**DATA**
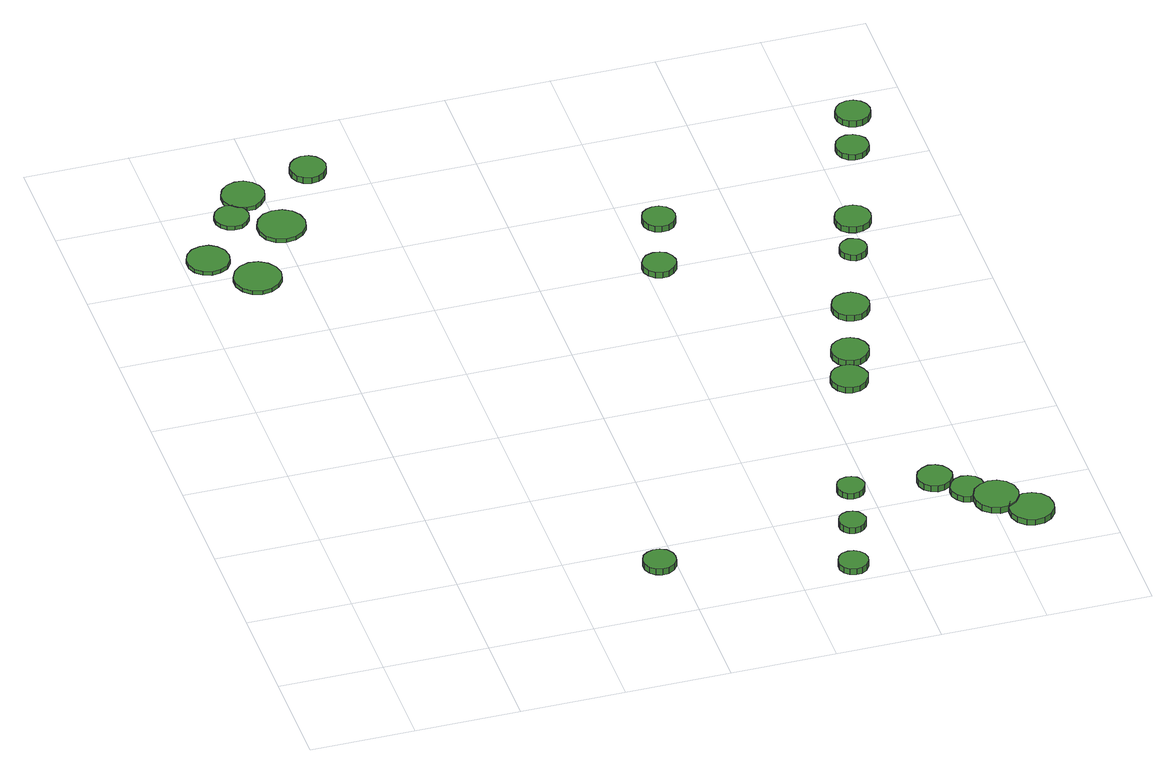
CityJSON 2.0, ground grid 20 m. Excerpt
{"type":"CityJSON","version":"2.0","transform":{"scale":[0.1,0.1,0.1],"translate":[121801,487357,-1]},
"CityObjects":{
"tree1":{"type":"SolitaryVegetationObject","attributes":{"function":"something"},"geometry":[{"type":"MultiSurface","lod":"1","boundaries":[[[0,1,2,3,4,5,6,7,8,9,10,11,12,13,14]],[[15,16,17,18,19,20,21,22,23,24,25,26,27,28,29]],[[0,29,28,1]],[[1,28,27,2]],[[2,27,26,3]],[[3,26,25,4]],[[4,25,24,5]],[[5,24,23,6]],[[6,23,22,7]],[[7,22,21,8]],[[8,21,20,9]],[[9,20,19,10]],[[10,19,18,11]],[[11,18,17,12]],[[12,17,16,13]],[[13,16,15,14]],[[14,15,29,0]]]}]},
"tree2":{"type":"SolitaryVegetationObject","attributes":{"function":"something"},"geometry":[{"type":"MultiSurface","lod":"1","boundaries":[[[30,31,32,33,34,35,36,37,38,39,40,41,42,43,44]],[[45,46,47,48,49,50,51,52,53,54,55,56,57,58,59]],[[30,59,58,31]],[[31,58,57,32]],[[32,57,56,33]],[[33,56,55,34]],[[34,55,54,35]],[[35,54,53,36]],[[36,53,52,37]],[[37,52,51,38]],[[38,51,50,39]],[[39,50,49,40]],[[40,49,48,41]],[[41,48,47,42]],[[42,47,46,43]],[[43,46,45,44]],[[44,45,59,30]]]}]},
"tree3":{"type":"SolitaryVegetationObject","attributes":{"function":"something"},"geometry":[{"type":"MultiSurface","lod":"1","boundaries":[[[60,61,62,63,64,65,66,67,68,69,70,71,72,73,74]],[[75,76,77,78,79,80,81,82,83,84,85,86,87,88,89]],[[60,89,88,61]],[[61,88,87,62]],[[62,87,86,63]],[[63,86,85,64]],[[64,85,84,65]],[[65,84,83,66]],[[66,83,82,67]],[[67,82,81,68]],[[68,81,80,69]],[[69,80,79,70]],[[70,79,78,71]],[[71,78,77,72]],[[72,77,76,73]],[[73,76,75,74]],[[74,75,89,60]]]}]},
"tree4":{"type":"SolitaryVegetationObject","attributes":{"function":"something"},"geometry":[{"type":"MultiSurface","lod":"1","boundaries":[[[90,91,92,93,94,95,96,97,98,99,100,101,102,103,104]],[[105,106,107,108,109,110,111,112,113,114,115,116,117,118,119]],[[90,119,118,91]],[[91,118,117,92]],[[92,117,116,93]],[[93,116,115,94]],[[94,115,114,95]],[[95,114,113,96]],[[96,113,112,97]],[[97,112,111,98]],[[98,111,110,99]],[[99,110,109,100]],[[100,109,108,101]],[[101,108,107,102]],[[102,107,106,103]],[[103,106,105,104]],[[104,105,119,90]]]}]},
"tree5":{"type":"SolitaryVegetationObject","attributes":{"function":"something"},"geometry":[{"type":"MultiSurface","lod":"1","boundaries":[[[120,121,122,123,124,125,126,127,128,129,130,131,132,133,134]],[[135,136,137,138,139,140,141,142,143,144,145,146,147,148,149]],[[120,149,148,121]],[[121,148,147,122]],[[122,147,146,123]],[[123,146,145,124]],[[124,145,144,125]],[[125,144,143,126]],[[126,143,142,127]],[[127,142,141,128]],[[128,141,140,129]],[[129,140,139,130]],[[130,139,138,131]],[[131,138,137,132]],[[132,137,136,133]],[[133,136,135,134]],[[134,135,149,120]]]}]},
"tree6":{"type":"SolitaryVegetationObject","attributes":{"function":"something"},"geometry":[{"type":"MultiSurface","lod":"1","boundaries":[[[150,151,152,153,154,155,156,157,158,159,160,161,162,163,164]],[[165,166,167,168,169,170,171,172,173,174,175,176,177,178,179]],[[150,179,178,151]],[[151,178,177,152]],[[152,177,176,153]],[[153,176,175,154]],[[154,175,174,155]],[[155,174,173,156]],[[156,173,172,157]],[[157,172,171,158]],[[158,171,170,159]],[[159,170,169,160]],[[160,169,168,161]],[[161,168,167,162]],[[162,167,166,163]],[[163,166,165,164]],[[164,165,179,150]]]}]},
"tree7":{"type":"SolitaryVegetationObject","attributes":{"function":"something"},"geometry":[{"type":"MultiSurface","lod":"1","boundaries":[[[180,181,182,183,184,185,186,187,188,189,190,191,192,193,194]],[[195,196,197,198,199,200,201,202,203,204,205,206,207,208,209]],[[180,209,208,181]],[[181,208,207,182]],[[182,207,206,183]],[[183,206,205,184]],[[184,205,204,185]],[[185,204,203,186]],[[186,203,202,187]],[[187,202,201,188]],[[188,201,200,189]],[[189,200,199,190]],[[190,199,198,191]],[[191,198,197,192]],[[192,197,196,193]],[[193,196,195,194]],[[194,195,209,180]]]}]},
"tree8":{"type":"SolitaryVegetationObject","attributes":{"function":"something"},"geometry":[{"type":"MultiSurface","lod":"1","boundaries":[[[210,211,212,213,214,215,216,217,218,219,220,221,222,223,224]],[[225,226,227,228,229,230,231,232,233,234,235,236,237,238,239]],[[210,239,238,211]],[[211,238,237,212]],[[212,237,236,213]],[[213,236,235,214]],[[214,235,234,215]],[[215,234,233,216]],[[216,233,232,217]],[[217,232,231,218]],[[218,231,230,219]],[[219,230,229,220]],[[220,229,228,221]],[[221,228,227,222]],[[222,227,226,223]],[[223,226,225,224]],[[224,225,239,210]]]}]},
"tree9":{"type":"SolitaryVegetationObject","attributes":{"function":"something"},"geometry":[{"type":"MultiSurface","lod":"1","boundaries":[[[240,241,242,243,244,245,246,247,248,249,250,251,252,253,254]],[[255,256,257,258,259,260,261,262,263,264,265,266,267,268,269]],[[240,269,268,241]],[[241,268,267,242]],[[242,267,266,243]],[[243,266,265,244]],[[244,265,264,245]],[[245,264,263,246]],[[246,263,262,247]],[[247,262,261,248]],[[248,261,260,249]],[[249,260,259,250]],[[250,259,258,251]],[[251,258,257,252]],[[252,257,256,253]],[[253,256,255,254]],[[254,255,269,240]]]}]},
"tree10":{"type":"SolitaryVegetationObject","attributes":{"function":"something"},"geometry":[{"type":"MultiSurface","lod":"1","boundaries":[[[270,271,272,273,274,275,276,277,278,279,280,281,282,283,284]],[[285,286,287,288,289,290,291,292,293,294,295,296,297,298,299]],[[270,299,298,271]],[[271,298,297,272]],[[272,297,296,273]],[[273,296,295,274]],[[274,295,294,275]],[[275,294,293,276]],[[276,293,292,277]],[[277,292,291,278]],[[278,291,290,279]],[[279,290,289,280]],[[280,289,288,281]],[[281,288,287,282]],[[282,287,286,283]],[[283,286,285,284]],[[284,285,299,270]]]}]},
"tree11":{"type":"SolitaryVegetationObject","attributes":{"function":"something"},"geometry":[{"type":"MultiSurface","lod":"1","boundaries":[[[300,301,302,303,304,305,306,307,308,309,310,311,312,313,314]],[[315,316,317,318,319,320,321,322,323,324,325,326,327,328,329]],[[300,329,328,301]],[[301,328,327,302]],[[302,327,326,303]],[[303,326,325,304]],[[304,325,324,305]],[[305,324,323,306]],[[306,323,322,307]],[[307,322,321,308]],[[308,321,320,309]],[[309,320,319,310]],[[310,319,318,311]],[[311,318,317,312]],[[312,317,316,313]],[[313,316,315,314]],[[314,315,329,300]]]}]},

**WHAT YOU WILL DO**
Output all of the data word for word, excluding any pictures.

**SOLUTION TO THIS TASK**
CityJSON 2.0, ground grid 20 m. Excerpt
{"type":"CityJSON","version":"2.0","transform":{"scale":[0.1,0.1,0.1],"translate":[121801,487357,-1]},
"CityObjects":{
"tree1":{"type":"SolitaryVegetationObject","attributes":{"function":"something"},"geometry":[{"type":"MultiSurface","lod":"1","boundaries":[[[0,1,2,3,4,5,6,7,8,9,10,11,12,13,14]],[[15,16,17,18,19,20,21,22,23,24,25,26,27,28,29]],[[0,29,28,1]],[[1,28,27,2]],[[2,27,26,3]],[[3,26,25,4]],[[4,25,24,5]],[[5,24,23,6]],[[6,23,22,7]],[[7,22,21,8]],[[8,21,20,9]],[[9,20,19,10]],[[10,19,18,11]],[[11,18,17,12]],[[12,17,16,13]],[[13,16,15,14]],[[14,15,29,0]]]}]},
"tree2":{"type":"SolitaryVegetationObject","attributes":{"function":"something"},"geometry":[{"type":"MultiSurface","lod":"1","boundaries":[[[30,31,32,33,34,35,36,37,38,39,40,41,42,43,44]],[[45,46,47,48,49,50,51,52,53,54,55,56,57,58,59]],[[30,59,58,31]],[[31,58,57,32]],[[32,57,56,33]],[[33,56,55,34]],[[34,55,54,35]],[[35,54,53,36]],[[36,53,52,37]],[[37,52,51,38]],[[38,51,50,39]],[[39,50,49,40]],[[40,49,48,41]],[[41,48,47,42]],[[42,47,46,43]],[[43,46,45,44]],[[44,45,59,30]]]}]},
"tree3":{"type":"SolitaryVegetationObject","attributes":{"function":"something"},"geometry":[{"type":"MultiSurface","lod":"1","boundaries":[[[60,61,62,63,64,65,66,67,68,69,70,71,72,73,74]],[[75,76,77,78,79,80,81,82,83,84,85,86,87,88,89]],[[60,89,88,61]],[[61,88,87,62]],[[62,87,86,63]],[[63,86,85,64]],[[64,85,84,65]],[[65,84,83,66]],[[66,83,82,67]],[[67,82,81,68]],[[68,81,80,69]],[[69,80,79,70]],[[70,79,78,71]],[[71,78,77,72]],[[72,77,76,73]],[[73,76,75,74]],[[74,75,89,60]]]}]},
"tree4":{"type":"SolitaryVegetationObject","attributes":{"function":"something"},"geometry":[{"type":"MultiSurface","lod":"1","boundaries":[[[90,91,92,93,94,95,96,97,98,99,100,101,102,103,104]],[[105,106,107,108,109,110,111,112,113,114,115,116,117,118,119]],[[90,119,118,91]],[[91,118,117,92]],[[92,117,116,93]],[[93,116,115,94]],[[94,115,114,95]],[[95,114,113,96]],[[96,113,112,97]],[[97,112,111,98]],[[98,111,110,99]],[[99,110,109,100]],[[100,109,108,101]],[[101,108,107,102]],[[102,107,106,103]],[[103,106,105,104]],[[104,105,119,90]]]}]},
"tree5":{"type":"SolitaryVegetationObject","attributes":{"function":"something"},"geometry":[{"type":"MultiSurface","lod":"1","boundaries":[[[120,121,122,123,124,125,126,127,128,129,130,131,132,133,134]],[[135,136,137,138,139,140,141,142,143,144,145,146,147,148,149]],[[120,149,148,121]],[[121,148,147,122]],[[122,147,146,123]],[[123,146,145,124]],[[124,145,144,125]],[[125,144,143,126]],[[126,143,142,127]],[[127,142,141,128]],[[128,141,140,129]],[[129,140,139,130]],[[130,139,138,131]],[[131,138,137,132]],[[132,137,136,133]],[[133,136,135,134]],[[134,135,149,120]]]}]},
"tree6":{"type":"SolitaryVegetationObject","attributes":{"function":"something"},"geometry":[{"type":"MultiSurface","lod":"1","boundaries":[[[150,151,152,153,154,155,156,157,158,159,160,161,162,163,164]],[[165,166,167,168,169,170,171,172,173,174,175,176,177,178,179]],[[150,179,178,151]],[[151,178,177,152]],[[152,177,176,153]],[[153,176,175,154]],[[154,175,174,155]],[[155,174,173,156]],[[156,173,172,157]],[[157,172,171,158]],[[158,171,170,159]],[[159,170,169,160]],[[160,169,168,161]],[[161,168,167,162]],[[162,167,166,163]],[[163,166,165,164]],[[164,165,179,150]]]}]},
"tree7":{"type":"SolitaryVegetationObject","attributes":{"function":"something"},"geometry":[{"type":"MultiSurface","lod":"1","boundaries":[[[180,181,182,183,184,185,186,187,188,189,190,191,192,193,194]],[[195,196,197,198,199,200,201,202,203,204,205,206,207,208,209]],[[180,209,208,181]],[[181,208,207,182]],[[182,207,206,183]],[[183,206,205,184]],[[184,205,204,185]],[[185,204,203,186]],[[186,203,202,187]],[[187,202,201,188]],[[188,201,200,189]],[[189,200,199,190]],[[190,199,198,191]],[[191,198,197,192]],[[192,197,196,193]],[[193,196,195,194]],[[194,195,209,180]]]}]},
"tree8":{"type":"SolitaryVegetationObject","attributes":{"function":"something"},"geometry":[{"type":"MultiSurface","lod":"1","boundaries":[[[210,211,212,213,214,215,216,217,218,219,220,221,222,223,224]],[[225,226,227,228,229,230,231,232,233,234,235,236,237,238,239]],[[210,239,238,211]],[[211,238,237,212]],[[212,237,236,213]],[[213,236,235,214]],[[214,235,234,215]],[[215,234,233,216]],[[216,233,232,217]],[[217,232,231,218]],[[218,231,230,219]],[[219,230,229,220]],[[220,229,228,221]],[[221,228,227,222]],[[222,227,226,223]],[[223,226,225,224]],[[224,225,239,210]]]}]},
"tree9":{"type":"SolitaryVegetationObject","attributes":{"function":"something"},"geometry":[{"type":"MultiSurface","lod":"1","boundaries":[[[240,241,242,243,244,245,246,247,248,249,250,251,252,253,254]],[[255,256,257,258,259,260,261,262,263,264,265,266,267,268,269]],[[240,269,268,241]],[[241,268,267,242]],[[242,267,266,243]],[[243,266,265,244]],[[244,265,264,245]],[[245,264,263,246]],[[246,263,262,247]],[[247,262,261,248]],[[248,261,260,249]],[[249,260,259,250]],[[250,259,258,251]],[[251,258,257,252]],[[252,257,256,253]],[[253,256,255,254]],[[254,255,269,240]]]}]},
"tree10":{"type":"SolitaryVegetationObject","attributes":{"function":"something"},"geometry":[{"type":"MultiSurface","lod":"1","boundaries":[[[270,271,272,273,274,275,276,277,278,279,280,281,282,283,284]],[[285,286,287,288,289,290,291,292,293,294,295,296,297,298,299]],[[270,299,298,271]],[[271,298,297,272]],[[272,297,296,273]],[[273,296,295,274]],[[274,295,294,275]],[[275,294,293,276]],[[276,293,292,277]],[[277,292,291,278]],[[278,291,290,279]],[[279,290,289,280]],[[280,289,288,281]],[[281,288,287,282]],[[282,287,286,283]],[[283,286,285,284]],[[284,285,299,270]]]}]},
"tree11":{"type":"SolitaryVegetationObject","attributes":{"function":"something"},"geometry":[{"type":"MultiSurface","lod":"1","boundaries":[[[300,301,302,303,304,305,306,307,308,309,310,311,312,313,314]],[[315,316,317,318,319,320,321,322,323,324,325,326,327,328,329]],[[300,329,328,301]],[[301,328,327,302]],[[302,327,326,303]],[[303,326,325,304]],[[304,325,324,305]],[[305,324,323,306]],[[306,323,322,307]],[[307,322,321,308]],[[308,321,320,309]],[[309,320,319,310]],[[310,319,318,311]],[[311,318,317,312]],[[312,317,316,313]],[[313,316,315,314]],[[314,315,329,300]]]}]},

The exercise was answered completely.